Swimming through the void in search of light
No one crafts isolation quite like Anna von Hausswolff. Each sound she makes crackles with a foreboding quality, even the pleasant ones. In her hands, organs become weapons, and synths a sizzling Tesla coil. Having crafted music as long as she has, Hausswolff has gotten rather good at this. But it wasn’t until her latest record All Thoughts Fly, that she fully mastered her arena.
Not content to leave the listener waiting, Hausswolff proves her acumen in the opening notes of the title track, “Theatre of Nature.” The track kicks off with a forceful organ that reverberates through the entire cranial cavity of the listener, buoyant and bouncing despite its suffocating mass. This organ will become a hallmark of the album, and finds use as a tool of soothing, sadness and terror all at once.
On the more somber end of things, there is the second track, “Dolore di Orsini.” Clearly in no rush on this track, Hausswolff leaves the listener to bask in the slow procession of the organ until a whine of strings cuts through the din nearly two minutes into the track. From there, it builds as if threatening to break, and as suddenly as it entered, it exits. Unexpectedly, it is not a bait and switch intro track, as its follow-up, “Sarco Bosco,” immediately resets the momentum of the record.
While it doesn’t connect to its predecessor so well, “Sarco Bosco” exemplifies the organ as an instrument of doom. Almost violent in its deployment, the organ operates in a low hum and a panicked squeal exclusively. Left to its own devices, the track rends the stomachs of listeners, turning them into bubbling cauldrons of unease. But as quickly as one finishes retching, the clouds part and angelic mid-tones burst forth from the heavens. Glowing, the track drags people into the arms of god.
This is ultimately the album’s greatest strength. It refuses to exist along simple boundary lines of dark and light. By virtue of its primary instrument, it cannot exist in such a dull dichotomy. Nowhere is this more apparent than on “All Thoughts Fly.” The track for which the album bears its name stuns, appalls and fulfills. Glorious organ notes flood the mind, encompassing angels and devils and light and dark. It forces one to embrace the poetic, to picture the grand buttresses of gothic cathedrals as they are subsumed by light and blotted out by crooning angels. It captures the religious nature of the medium for which it was created. It achieves its highest purpose.
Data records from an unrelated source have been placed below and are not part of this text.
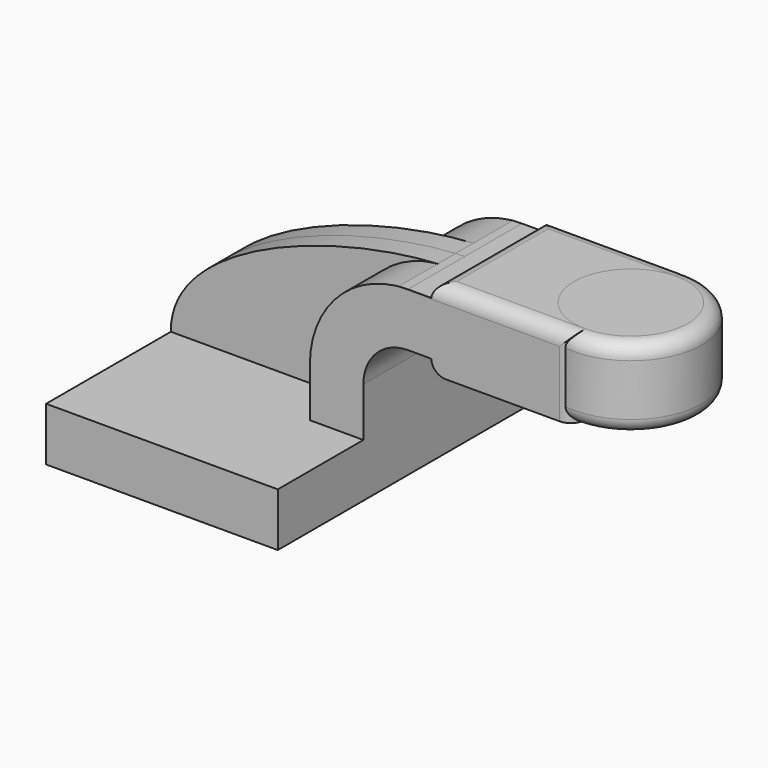
from build123d import *

# Parameters (mm, degrees)
F1_DEPTH    = 63.5
F0_W        = 25.3289441975
F0_H        = 28.575
F2_DEPTH    = 25.4
F3_DEPTH    = 7.9375
F5_T1_DEPTH = 76.2
F5_T3_DEPTH = 76.1542387778
F5_T5_DEPTH = 76.1462857042
F5_T7_DEPTH = 53.975
F5_2_F1_R   = 5.08
F5_2_F2_R   = 5.08


# Not quite as in the source:
# - a fillet or chamfer that OpenCascade refuses, or shapes differently, is made with other operations: its cross-section is extruded or revolved along the edge and cut away or added
# - a feature names something its author has since deleted; it is built from what else it names


with BuildPart() as f1:
    # F0 (on Front) → F1 (new body, symmetric)
    with BuildSketch(Plane.XZ):
        Polygon((-41.275, -9.525), (41.275, -9.525), (41.275, 9.525), (22.225, 9.525), (-41.275, 9.525), align=None)
    extrude(amount=F1_DEPTH, both=True)

    # F0 (on Front) → F2 (join, symmetric)
    with BuildSketch(Plane.XZ):
        with BuildLine():
            Line((22.225, 9.525), (41.275, 9.525))
            Line((41.275, 9.525), (41.275, 27.0002))
            ThreePointArc((41.275, 27.0002), (45.9246798487, 38.2255201513), (57.15, 42.8752))
            Line((57.15, 42.8752), (65.4558, 42.8752))
            Line((65.4558, 42.8752), (65.4558, 61.9252))
            Line((65.4558, 61.9252), (57.15, 61.9252))
            add(Edge.make_bspline(
                [(53.808911529, 61.7650206213), (54.9359515, 61.8330740331), (56.0501940999, 61.8865394151), (57.15, 61.9252)],
                knots=[108.4339478208, 108.4339478208, 108.4339478208, 108.4339478208, 111.5045361635, 111.5045361635, 111.5045361635, 111.5045361635], degree=3))
            ThreePointArc((53.808911529, 61.7650206213), (31.3000179899, 50.484962189), (22.225, 27.0002))
            Line((22.225, 27.0002), (22.225, 9.525))
        make_face()
        Polygon((65.4558, 61.9252), (65.4558, 42.8752), (65.4558, 38.1), (90.9268558025, 38.1), (90.9268558025, 66.675), (65.4558, 66.675), align=None)
        with Locations((103.5913279013, 52.3875)):
            Rectangle(F0_W, F0_H)
    extrude(amount=F2_DEPTH, both=True)

    # F5: fillet of radius 5.08 on 6 edges, made by hand

    # F5_s2 → F5_t1 (cut)
    with BuildSketch(Plane.YZ.offset(52.7558)):
        with BuildLine():
            ThreePointArc((25.4, 61.595), (23.9121024484, 65.1871024484), (20.32, 66.675))
            Line((20.32, 66.675), (25.4, 66.675))
            Line((25.4, 66.675), (25.4, 61.595))
        make_face()
        with BuildLine():
            ThreePointArc((-25.4, 61.595), (-23.9121024484, 65.1871024484), (-20.32, 66.675))
            Line((-20.32, 66.675), (-25.4, 66.675))
            Line((-25.4, 66.675), (-25.4, 61.595))
        make_face()
    extrude(amount=F5_T1_DEPTH, mode=Mode.SUBTRACT)

    # F5_s4 → F5_t3 (cut)
    with BuildSketch(Plane.XZ.offset(-38.0771193889)):
        with BuildLine():
            ThreePointArc((65.4558, 42.8752), (67.0439752185, 39.4817041762), (70.5266477556, 38.1))
            Line((70.5266477556, 38.1), (65.4558, 38.1))
            Line((65.4558, 38.1), (65.4558, 42.8752))
        make_face()
    extrude(amount=F5_T3_DEPTH, mode=Mode.SUBTRACT)

    # F5_s6 → F5_t5 (cut)
    with BuildSketch(Plane.XZ.offset(-38.0731428521)):
        with BuildLine():
            ThreePointArc((70.5250571408, 66.675), (67.0516593807, 65.3020079579), (65.4558, 61.9252))
            Line((65.4558, 61.9252), (65.4558, 66.675))
            Line((65.4558, 66.675), (70.5250571408, 66.675))
        make_face()
    extrude(amount=F5_T5_DEPTH, mode=Mode.SUBTRACT)

    # F5_s8 → F5_t7 (cut)
    with BuildSketch(Plane.XY.offset(25.4)):
        with BuildLine():
            ThreePointArc((111.1758, -25.4), (114.7679024484, -23.9121024484), (116.2558, -20.32))
            Line((116.2558, -20.32), (116.2558, -25.4))
            Line((116.2558, -25.4), (111.1758, -25.4))
        make_face()
        with BuildLine():
            ThreePointArc((111.1758, 25.4), (114.7679024484, 23.9121024484), (116.2558, 20.32))
            Line((116.2558, 20.32), (116.2558, 25.4))
            Line((116.2558, 25.4), (111.1758, 25.4))
        make_face()
    extrude(amount=F5_T7_DEPTH, mode=Mode.SUBTRACT)


with BuildPart() as f3:
    # F0 (on Front) → F3 (new body, symmetric)
    with BuildSketch(Plane.XZ):
        with BuildLine():
            add(Edge.make_bspline(
                [(-41.275, 9.525), (-41.7501631131, 38.7664319524), (14.0089189004, 59.3618003655), (53.808911529, 61.7650206213)],
                knots=[0, 0, 0, 0, 108.4339478208, 108.4339478208, 108.4339478208, 108.4339478208], degree=3))
            Line((-41.275, 9.525), (22.225, 9.525))
            Line((22.225, 9.525), (22.225, 27.0002))
            ThreePointArc((22.225, 27.0002), (31.3000179899, 50.484962189), (53.808911529, 61.7650206213))
        make_face()
    extrude(amount=F3_DEPTH, both=True)


with BuildPart() as f4:
    # F0 (on Front) → F4 (revolve)
    with BuildSketch(Plane.XZ):
        with Locations((103.5913279013, 52.3875)):
            Rectangle(F0_W, F0_H)
    revolve(axis=Axis((116.2558, 0, 52.3875), (0, 0, 1)))

    # F5#2: fillet of radius 5.08 on 2 edges, made by hand

    # F5_2_f1
    f5_2_f1_edges = [f4.edges().sort_by_distance(p)[0] for p in [
        (141.5847441975, 0, 66.675),
    ]]
    fillet(f5_2_f1_edges, radius=F5_2_F1_R)

    # F5_2_f2
    f5_2_f2_edges = [f4.edges().sort_by_distance(p)[0] for p in [
        (141.5847441975, 0, 38.1),
    ]]
    fillet(f5_2_f2_edges, radius=F5_2_F2_R)


solid = Compound([f1.part, f3.part, f4.part])

Yet at the end of it, people are still alone. Looking back, the organ and all its voices were an illusion, it is but one instrument, played to sound like a chorus by a single person. There was no one in the cathedral, save the organist, who closes the keys and strolls away. Even there, people were alone, the rug pulled out from under them. Even in the thrall of one thousand voices, Hausswolff leaves people again, stranded on an island of her own construction with All Thoughts Fly.